# Another Phal. schilleriana purpurea award



## rdlsreno (Mar 16, 2010)

My Phal. schilleriana purpurea 'Monster' got an AM! I not as big as Drorchid (only 9 cm). Nicely fragrant too! 

Ramon

Phal. schilleriana purpurea 'Monster' AM


----------



## cnycharles (Mar 16, 2010)

very nice and congratulations! must be the season for schilleriana awards


----------



## Kevin (Mar 17, 2010)

Congratulations! Do you have a pic of the spike? How many flowers?


----------



## rdlsreno (Mar 17, 2010)

Kevin said:


> Congratulations! Do you have a pic of the spike? How many flowers?

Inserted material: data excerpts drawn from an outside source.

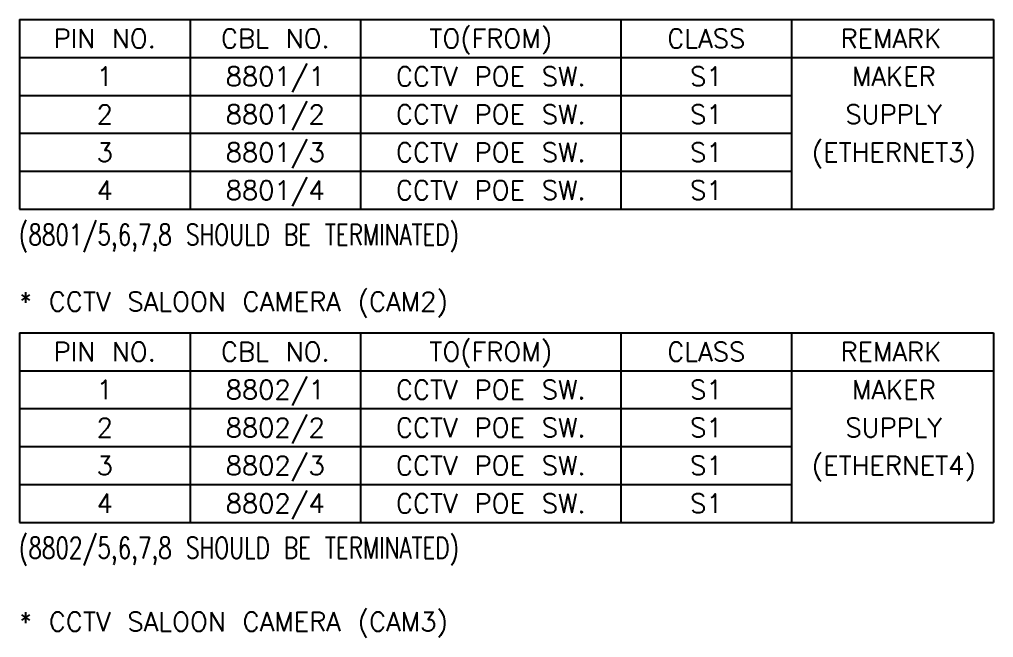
# Model space of a CAD drawing. Header units: millimetres. Extents: x 1063 to 1621, y 404 to 836.
# Drawn here: x 1279 to 1417.8, y 646.9 to 734.9 of the extents above; entities that cross this region are included whole.
import ezdxf
from ezdxf.enums import TextEntityAlignment as Align

# ---------------------------------------------------------------- set-up
doc = ezdxf.new("R2010")
doc.units = ezdxf.units.MM
doc.styles.get("Standard").update_dxf_attribs({"font": 'txt.shx', "bigfont": 'whgtxt.shx'})

msp = doc.modelspace()

# ---------------------------------------------------------------- linework, layer by layer
for p, q in [((1278.97, 734.88), (1278.97, 707.88)), ((1278.97, 734.88), (1417.78, 734.88)), ((1303.27, 734.88), (1303.27, 707.88)), ((1327.57, 734.88), (1327.57, 707.88)), ((1364.69, 734.88), (1364.69, 707.88)), ((1388.99, 734.88), (1388.99, 707.88)), ((1417.78, 734.88), (1417.78, 707.88)), ((1278.97, 729.48), (1417.78, 729.48)), ((1278.97, 724.08), (1388.99, 724.08)), ((1278.97, 718.68), (1388.99, 718.68)), ((1278.97, 713.28), (1388.99, 713.28)), ((1278.97, 707.88), (1417.78, 707.88)), ((1278.97, 690.29), (1278.97, 663.29)), ((1278.97, 690.29), (1417.78, 690.29)), ((1303.27, 690.29), (1303.27, 663.29)), ((1327.57, 690.29), (1327.57, 663.29)), ((1364.69, 690.29), (1364.69, 663.29)), ((1388.99, 690.29), (1388.99, 663.29)), ((1417.78, 690.29), (1417.78, 663.29)), ((1278.97, 684.89), (1417.78, 684.89)), ((1278.97, 679.49), (1388.99, 679.49)), ((1278.97, 674.09), (1388.99, 674.09)), ((1278.97, 668.69), (1388.99, 668.69)), ((1278.97, 663.29), (1417.78, 663.29))]:
    msp.add_line(p, q)

# ---------------------------------------------------------------- texts
for s, p in [('PIN NO.', (1291.12, 732.18)), ('CBL NO.', (1315.42, 732.18)), ('TO(FROM)', (1346.13, 732.18)), ('CLASS', (1376.84, 732.18)), ('REMARK', (1403.14, 732.18)), ('1', (1291.12, 726.78)), ('8801/1', (1315.42, 726.78)), ('CCTV POE SW.', (1346.13, 726.78)), ('S1', (1376.84, 726.78)), ('MAKER', (1403.56, 726.78)), ('8801/2', (1315.42, 721.38)), ('2', (1291.12, 721.38)), ('CCTV POE SW.', (1346.13, 721.38)), ('S1', (1376.84, 721.38)), ('SUPPLY', (1403.56, 721.38)), ('8801/3', (1315.42, 715.98)), ('(ETHERNET3)', (1403.56, 715.98)), ('3', (1291.12, 715.98)), ('CCTV POE SW.', (1346.13, 715.98)), ('S1', (1376.84, 715.98)), ('8801/4', (1315.42, 710.58)), ('4', (1291.12, 710.58)), ('CCTV POE SW.', (1346.13, 710.58)), ('S1', (1376.84, 710.58)), ('PIN NO.', (1291.12, 687.59)), ('CBL NO.', (1315.42, 687.59)), ('TO(FROM)', (1346.13, 687.59)), ('CLASS', (1376.84, 687.59)), ('REMARK', (1403.14, 687.59)), ('1', (1291.12, 682.19)), ('8802/1', (1315.42, 682.19)), ('CCTV POE SW.', (1346.13, 682.19)), ('S1', (1376.84, 682.19)), ('MAKER', (1403.56, 682.19)), ('2', (1291.12, 676.79)), ('8802/2', (1315.42, 676.79)), ('CCTV POE SW.', (1346.13, 676.79)), ('S1', (1376.84, 676.79)), ('SUPPLY', (1403.56, 676.79)), ('8802/3', (1315.42, 671.39)), ('(ETHERNET4)', (1403.56, 671.39)), ('3', (1291.12, 671.39)), ('CCTV POE SW.', (1346.13, 671.39)), ('S1', (1376.84, 671.39)), ('8802/4', (1315.42, 665.99)), ('4', (1291.12, 665.99)), ('CCTV POE SW.', (1346.13, 665.99)), ('S1', (1376.84, 665.99))]:
    msp.add_text(s, height=2.7).set_placement(p, align=Align.MIDDLE_CENTER)
at = {"color": 0, "linetype": 'Continuous', "width": 0.75}
for s, p in [('(8801/5,6,7,8 SHOULD BE TERMINATED)', (1278.88, 704.26)), ('(8802/5,6,7,8 SHOULD BE TERMINATED)', (1278.88, 659.67))]:
    msp.add_text(s, height=3, dxfattribs=at).set_placement(p, align=Align.MIDDLE_LEFT)
at = {"color": 4}
for s, p in [('* CCTV SALOON CAMERA (CAM2)', (1309.45, 694.73)), ('* CCTV SALOON CAMERA (CAM3)', (1309.45, 649.16))]:
    msp.add_text(s, height=2.7, dxfattribs=at).set_placement(p, align=Align.MIDDLE_CENTER)

doc.saveas('drawing.dxf')

No. It has 13 flowers on a branching spike.

Ramon


----------



## Yoyo_Jo (Mar 17, 2010)

Congrats Ramon! That's great :clap:


----------



## JeanLux (Mar 17, 2010)

Congratulations, again!!!! Jean


----------



## etex (Mar 17, 2010)

Congratulations!! Thats great! Lovely bloom and great growing!


----------



## Drorchid (Mar 17, 2010)

Congratulations! I am glad that they are finally recognizing the schilleriana purpurea's. We have taken them to judging for many years, and the judges would never look at them.

Robert


----------



## toddybear (Mar 17, 2010)

Another congrats...you are on a role!


----------



## SlipperFan (Mar 17, 2010)

What a beautiful species. You seldom see one as nice as this one.


----------



## rdlsreno (Mar 17, 2010)

Drorchid said:


> Congratulations! I am glad that they are finally recognizing the schilleriana purpurea's. We have taken them to judging for many years, and the judges would never look at them.
> 
> Robert



I was glad too since Maynard and Helen Michaels where there and they acknowledge it as Phal. schilleriana.

Ramon


----------



## e-spice (Mar 17, 2010)

Really great, but post a full photo of the spike please.

e-spice


----------



## rdlsreno (Mar 17, 2010)

e-spice said:


> Really great, but post a full photo of the spike please.
> 
> e-spice



Sorry the spike has been cut already and flowers been given for pollination.

Ramon


----------



## smartie2000 (Mar 18, 2010)

Congrats! and deserving of the award


----------



## Rick (Mar 18, 2010)

perfect round form on a species phal.

Congratulations:clap:


----------



## Shiva (Mar 19, 2010)

A very nice one and certainly worth the AM it got.


----------